◆ Work task
Emit the data below verbatim, stripping out any pictures.

◆ Listed entries
......

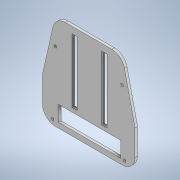
# Autodesk Inventor part: tapa
Saved by Autodesk Inventor 2020 (Build 240168000, 168)
## iProperties
Created: 2020-11-22
Part Number: tapa
Material: Generic
Document SubType Name: Modeling
Designer: michelin
Density: 1 g/cm^3
Appearance: Default
Author: michelin
Autodesk Inventor part; units mm, degrees
ref_plane "YZ Plane" through (0, 0, 0) normal (1, 0, 0) x (0, 1, 0)
ref_plane "XZ Plane" through (0, 0, 0) normal (0, 1, 0) x (-1, 0, 0)
ref_plane "XY Plane" through (0, 0, 0) normal (0, 0, 1) x (1, 0, 0)
sketch "Sketch1" plane through (0, 0, 0) normal (0, 0, 1) x (1, 0, 0)
  line L0 (-90.4669, 29.5677) -> (-90.4669, 104.3985)
  circle A0 centre (-65.3126, 164.3997) radius 2.5
  circle A1 centre (64.5331, 164.2566) radius 2.5
  circle A2 centre (69.5331, 39.5677) radius 2.5
  circle A3 centre (-70.4669, 39.5677) radius 2.5
  line L1 (-59.3477, 39.5677) -> (62.0331, 39.5677)
  line L2 (62.0331, 39.5677) -> (62.0331, 69.7525)
  line L3 (62.0331, 69.7525) -> (-59.3477, 69.7525)
  line L4 (-59.3477, 69.7525) -> (-59.3477, 39.5677)
  line L5 (25.2356, 77.4734) -> (35.0999, 77.4734)
  line L6 (35.0999, 77.4734) -> (35.0999, 201.5575)
  line L7 (35.0999, 201.5575) -> (25.2356, 201.5575)
  line L8 (25.2356, 201.5575) -> (25.2356, 77.4734)
  line L9 (-32.8575, 77.7729) -> (-22.9932, 77.7729)
  line L10 (-22.9932, 77.7729) -> (-22.9932, 201.8569)
  line L11 (-22.9932, 201.8569) -> (-32.8575, 201.8569)
  line L12 (-32.8575, 201.8569) -> (-32.8575, 77.7729)
  line L13 (-90.4669, 29.5677) -> (89.4944, 29.5677)
  line L14 (-65.4669, 214.4401) -> (64.5331, 214.4401)
  line L15 (-90.4669, 104.3985) -> (-65.4669, 214.4401)
  line L16 (64.5331, 214.4401) -> (89.4944, 104.2566)
  line L17 (89.4944, 104.2566) -> (89.4944, 29.5677)
  constraints: 36 end point, 6 parallel, 5 horizontal, 4 centre point, 3 perpendicular, 1 vertical
extrude "Extrusion1" add sketch "Sketch1" along normal blind 5
fillet "Fillet1" radius 25 4 edges at (64.5331, 214.4401, 2.5) (-65.4669, 214.4401, 2.5) (-90.4669, 29.5677, 2.5) (89.4944, 29.5677, 2.5)
body "Solid1"

......

◆ Solution for this exercise
# Autodesk Inventor part: tapa
Saved by Autodesk Inventor 2020 (Build 240168000, 168)
## iProperties
Created: 2020-11-22
Part Number: tapa
Material: Generic
Document SubType Name: Modeling
Designer: michelin
Density: 1 g/cm^3
Appearance: Default
Author: michelin
Autodesk Inventor part; units mm, degrees
ref_plane "YZ Plane" through (0, 0, 0) normal (1, 0, 0) x (0, 1, 0)
ref_plane "XZ Plane" through (0, 0, 0) normal (0, 1, 0) x (-1, 0, 0)
ref_plane "XY Plane" through (0, 0, 0) normal (0, 0, 1) x (1, 0, 0)
sketch "Sketch1" plane through (0, 0, 0) normal (0, 0, 1) x (1, 0, 0)
  line L0 (-90.4669, 29.5677) -> (-90.4669, 104.3985)
  circle A0 centre (-65.3126, 164.3997) radius 2.5
  circle A1 centre (64.5331, 164.2566) radius 2.5
  circle A2 centre (69.5331, 39.5677) radius 2.5
  circle A3 centre (-70.4669, 39.5677) radius 2.5
  line L1 (-59.3477, 39.5677) -> (62.0331, 39.5677)
  line L2 (62.0331, 39.5677) -> (62.0331, 69.7525)
  line L3 (62.0331, 69.7525) -> (-59.3477, 69.7525)
  line L4 (-59.3477, 69.7525) -> (-59.3477, 39.5677)
  line L5 (25.2356, 77.4734) -> (35.0999, 77.4734)
  line L6 (35.0999, 77.4734) -> (35.0999, 201.5575)
  line L7 (35.0999, 201.5575) -> (25.2356, 201.5575)
  line L8 (25.2356, 201.5575) -> (25.2356, 77.4734)
  line L9 (-32.8575, 77.7729) -> (-22.9932, 77.7729)
  line L10 (-22.9932, 77.7729) -> (-22.9932, 201.8569)
  line L11 (-22.9932, 201.8569) -> (-32.8575, 201.8569)
  line L12 (-32.8575, 201.8569) -> (-32.8575, 77.7729)
  line L13 (-90.4669, 29.5677) -> (89.4944, 29.5677)
  line L14 (-65.4669, 214.4401) -> (64.5331, 214.4401)
  line L15 (-90.4669, 104.3985) -> (-65.4669, 214.4401)
  line L16 (64.5331, 214.4401) -> (89.4944, 104.2566)
  line L17 (89.4944, 104.2566) -> (89.4944, 29.5677)
  constraints: 36 end point, 6 parallel, 5 horizontal, 4 centre point, 3 perpendicular, 1 vertical
extrude "Extrusion1" add sketch "Sketch1" along normal blind 5
fillet "Fillet1" radius 25 4 edges at (64.5331, 214.4401, 2.5) (-65.4669, 214.4401, 2.5) (-90.4669, 29.5677, 2.5) (89.4944, 29.5677, 2.5)
body "Solid1"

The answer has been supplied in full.